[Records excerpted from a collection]
===============
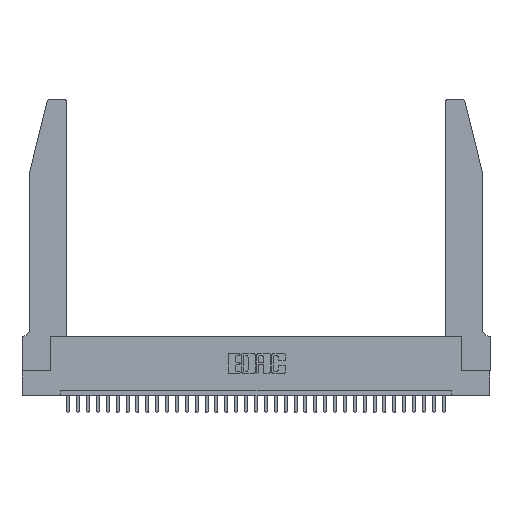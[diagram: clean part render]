
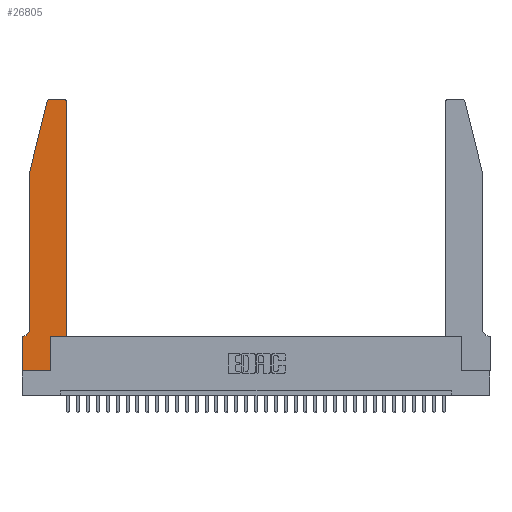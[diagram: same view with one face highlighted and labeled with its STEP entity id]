
A CAD part, top view. The second image highlights one B-rep face of the part: STEP entity #26805.
In plain terms, the highlighted planar face has unit normal (0, 0, 1).
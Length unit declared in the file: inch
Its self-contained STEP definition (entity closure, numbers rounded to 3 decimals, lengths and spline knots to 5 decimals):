
#262 = ORIENTED_EDGE ( 'NONE', *, *, #24753, .T. ) ;
#574 = EDGE_CURVE ( 'NONE', #27492, #8754, #14981, .T. ) ;
#1482 = VECTOR ( 'NONE', #27805, 39.37008 ) ;
#1811 = CIRCLE ( 'NONE', #3903, 0.03 ) ;
#2474 = ORIENTED_EDGE ( 'NONE', *, *, #32713, .T. ) ;
#2976 = CARTESIAN_POINT ( 'NONE',  ( 0., 0., 0.37 ) ) ;
#3144 = EDGE_CURVE ( 'NONE', #15008, #9639, #12686, .T. ) ;
#3692 = VECTOR ( 'NONE', #17733, 39.37008 ) ;
#3903 = AXIS2_PLACEMENT_3D ( 'NONE', #15670, #4958, #5301 ) ;
#4261 = EDGE_CURVE ( 'NONE', #32306, #33711, #28063, .T. ) ;
#4609 = DIRECTION ( 'NONE',  ( 0., 0., -1. ) ) ;
#4958 = DIRECTION ( 'NONE',  ( 0., 0., 1. ) ) ;
#5301 = DIRECTION ( 'NONE',  ( 1., 0., 0. ) ) ;
#5646 = CARTESIAN_POINT ( 'NONE',  ( 0.0055, 0.35, 0.37 ) ) ;
#5654 = DIRECTION ( 'NONE',  ( 0., 0., 1. ) ) ;
#5678 = DIRECTION ( 'NONE',  ( 0., -1., 0. ) ) ;
#6490 = AXIS2_PLACEMENT_3D ( 'NONE', #32313, #5654, #27019 ) ;
#6584 = ORIENTED_EDGE ( 'NONE', *, *, #23983, .T. ) ;
#7152 = VERTEX_POINT ( 'NONE', #12946 ) ;
#7456 = CARTESIAN_POINT ( 'NONE',  ( 0.2605, 2.75, 0.37 ) ) ;
#7578 = VERTEX_POINT ( 'NONE', #29003 ) ;
#7653 = CARTESIAN_POINT ( 'NONE',  ( 0.25487, 2.72718, 0.37 ) ) ;
#7801 = LINE ( 'NONE', #21978, #21143 ) ;
#8754 = VERTEX_POINT ( 'NONE', #30332 ) ;
#9264 = LINE ( 'NONE', #21678, #13018 ) ;
#9639 = VERTEX_POINT ( 'NONE', #32634 ) ;
#9881 = CARTESIAN_POINT ( 'NONE',  ( 0.0055, 0.42, 0.37 ) ) ;
#10236 = DIRECTION ( 'NONE',  ( 0., 0., 1. ) ) ;
#10937 = PLANE ( 'NONE',  #6490 ) ;
#11563 = ORIENTED_EDGE ( 'NONE', *, *, #23601, .T. ) ;
#11765 = VERTEX_POINT ( 'NONE', #7653 ) ;
#12097 = CIRCLE ( 'NONE', #26998, 0.03 ) ;
#12140 = ORIENTED_EDGE ( 'NONE', *, *, #17996, .T. ) ;
#12320 = CARTESIAN_POINT ( 'NONE',  ( 0.0755, 0.42, 0.37 ) ) ;
#12686 = LINE ( 'NONE', #12796, #13509 ) ;
#12796 = CARTESIAN_POINT ( 'NONE',  ( 0.2865, 0.35, 0.37 ) ) ;
#12946 = CARTESIAN_POINT ( 'NONE',  ( 0.0755, 2., 0.37 ) ) ;
#13018 = VECTOR ( 'NONE', #13555, 39.37008 ) ;
#13378 = CARTESIAN_POINT ( 'NONE',  ( 0.4505, 0.35, 0.37 ) ) ;
#13509 = VECTOR ( 'NONE', #15450, 39.37008 ) ;
#13555 = DIRECTION ( 'NONE',  ( -1., 0., 0. ) ) ;
#14981 = LINE ( 'NONE', #13378, #3692 ) ;
#15008 = VERTEX_POINT ( 'NONE', #30341 ) ;
#15450 = DIRECTION ( 'NONE',  ( 0., 1., 0. ) ) ;
#15670 = CARTESIAN_POINT ( 'NONE',  ( 0.284, 2.72, 0.37 ) ) ;
#16000 = FACE_OUTER_BOUND ( 'NONE', #28692, .T. ) ;
#16118 = EDGE_CURVE ( 'NONE', #24299, #7578, #23645, .T. ) ;
#16705 = ORIENTED_EDGE ( 'NONE', *, *, #4261, .T. ) ;
#17733 = DIRECTION ( 'NONE',  ( 0., 1., 0. ) ) ;
#17996 = EDGE_CURVE ( 'NONE', #33711, #11765, #1811, .T. ) ;
#17999 = CARTESIAN_POINT ( 'NONE',  ( 0.4205, 2.72, 0.37 ) ) ;
#18397 = EDGE_CURVE ( 'NONE', #11765, #7152, #34437, .T. ) ;
#19131 = CARTESIAN_POINT ( 'NONE',  ( 0.4505, 0.35, 0.37 ) ) ;
#19960 = CIRCLE ( 'NONE', #34049, 0.07 ) ;
#21100 = LINE ( 'NONE', #30257, #1482 ) ;
#21143 = VECTOR ( 'NONE', #5678, 39.37008 ) ;
#21617 = DIRECTION ( 'NONE',  ( 1., 0., 0. ) ) ;
#21621 = ORIENTED_EDGE ( 'NONE', *, *, #574, .T. ) ;
#21678 = CARTESIAN_POINT ( 'NONE',  ( 0.0755, 0.35, 0.37 ) ) ;
#21978 = CARTESIAN_POINT ( 'NONE',  ( 0.0755, 2., 0.37 ) ) ;
#22166 = DIRECTION ( 'NONE',  ( -0.239, -0.971, 0. ) ) ;
#22423 = CARTESIAN_POINT ( 'NONE',  ( 0.4205, 2.75, 0.37 ) ) ;
#22508 = EDGE_CURVE ( 'NONE', #27207, #24991, #19960, .T. ) ;
#23601 = EDGE_CURVE ( 'NONE', #9639, #27492, #21100, .T. ) ;
#23645 = LINE ( 'NONE', #24485, #34594 ) ;
#23983 = EDGE_CURVE ( 'NONE', #7152, #27207, #7801, .T. ) ;
#24299 = VERTEX_POINT ( 'NONE', #32687 ) ;
#24485 = CARTESIAN_POINT ( 'NONE',  ( 0., 0., 0.37 ) ) ;
#24753 = EDGE_CURVE ( 'NONE', #7578, #15008, #31162, .T. ) ;
#24991 = VERTEX_POINT ( 'NONE', #5646 ) ;
#25212 = CARTESIAN_POINT ( 'NONE',  ( 0.0755, 2., 0.37 ) ) ;
#25952 = DIRECTION ( 'NONE',  ( -1., 0., 0. ) ) ;
#26805 = ADVANCED_FACE ( 'NONE', ( #16000 ), #10937, .T. ) ;
#26998 = AXIS2_PLACEMENT_3D ( 'NONE', #17999, #10236, #28765 ) ;
#27019 = DIRECTION ( 'NONE',  ( 1., 0., 0. ) ) ;
#27207 = VERTEX_POINT ( 'NONE', #12320 ) ;
#27492 = VERTEX_POINT ( 'NONE', #19131 ) ;
#27805 = DIRECTION ( 'NONE',  ( 1., 0., 0. ) ) ;
#28063 = LINE ( 'NONE', #7456, #28912 ) ;
#28692 = EDGE_LOOP ( 'NONE', ( #16705, #12140, #34022, #6584, #33181, #2474, #33849, #262, #32515, #11563, #21621, #29964 ) ) ;
#28765 = DIRECTION ( 'NONE',  ( 1., 0., 0. ) ) ;
#28912 = VECTOR ( 'NONE', #33670, 39.37008 ) ;
#29003 = CARTESIAN_POINT ( 'NONE',  ( 0., 0., 0.37 ) ) ;
#29964 = ORIENTED_EDGE ( 'NONE', *, *, #33920, .T. ) ;
#30257 = CARTESIAN_POINT ( 'NONE',  ( 0.4505, 0.35, 0.37 ) ) ;
#30332 = CARTESIAN_POINT ( 'NONE',  ( 0.4505, 2.72, 0.37 ) ) ;
#30341 = CARTESIAN_POINT ( 'NONE',  ( 0.2865, 0., 0.37 ) ) ;
#30815 = CARTESIAN_POINT ( 'NONE',  ( 0.284, 2.75, 0.37 ) ) ;
#31162 = LINE ( 'NONE', #2976, #32388 ) ;
#32298 = DIRECTION ( 'NONE',  ( 0., -1., 0. ) ) ;
#32306 = VERTEX_POINT ( 'NONE', #22423 ) ;
#32313 = CARTESIAN_POINT ( 'NONE',  ( 0., 0.35, 0.37 ) ) ;
#32388 = VECTOR ( 'NONE', #21617, 39.37008 ) ;
#32515 = ORIENTED_EDGE ( 'NONE', *, *, #3144, .T. ) ;
#32634 = CARTESIAN_POINT ( 'NONE',  ( 0.2865, 0.35, 0.37 ) ) ;
#32687 = CARTESIAN_POINT ( 'NONE',  ( 0., 0.35, 0.37 ) ) ;
#32713 = EDGE_CURVE ( 'NONE', #24991, #24299, #9264, .T. ) ;
#32736 = VECTOR ( 'NONE', #22166, 39.37008 ) ;
#33181 = ORIENTED_EDGE ( 'NONE', *, *, #22508, .T. ) ;
#33670 = DIRECTION ( 'NONE',  ( -1., 0., 0. ) ) ;
#33711 = VERTEX_POINT ( 'NONE', #30815 ) ;
#33849 = ORIENTED_EDGE ( 'NONE', *, *, #16118, .T. ) ;
#33920 = EDGE_CURVE ( 'NONE', #8754, #32306, #12097, .T. ) ;
#34022 = ORIENTED_EDGE ( 'NONE', *, *, #18397, .T. ) ;
#34049 = AXIS2_PLACEMENT_3D ( 'NONE', #9881, #4609, #25952 ) ;
#34437 = LINE ( 'NONE', #25212, #32736 ) ;
#34594 = VECTOR ( 'NONE', #32298, 39.37008 ) ;
===============
§ **Assignment**
Begin with the line above that has "#13555 = DIRECTION" and continue through the line that has "#15670 = CARTESIAN_POINT", setting each one down exactly. Stop there.

§ **Written solution**
#13555 = DIRECTION ( 'NONE',  ( -1., 0., 0. ) ) ;
#14981 = LINE ( 'NONE', #13378, #3692 ) ;
#15008 = VERTEX_POINT ( 'NONE', #30341 ) ;
#15450 = DIRECTION ( 'NONE',  ( 0., 1., 0. ) ) ;
#15670 = CARTESIAN_POINT ( 'NONE',  ( 0.284, 2.72, 0.37 ) ) ;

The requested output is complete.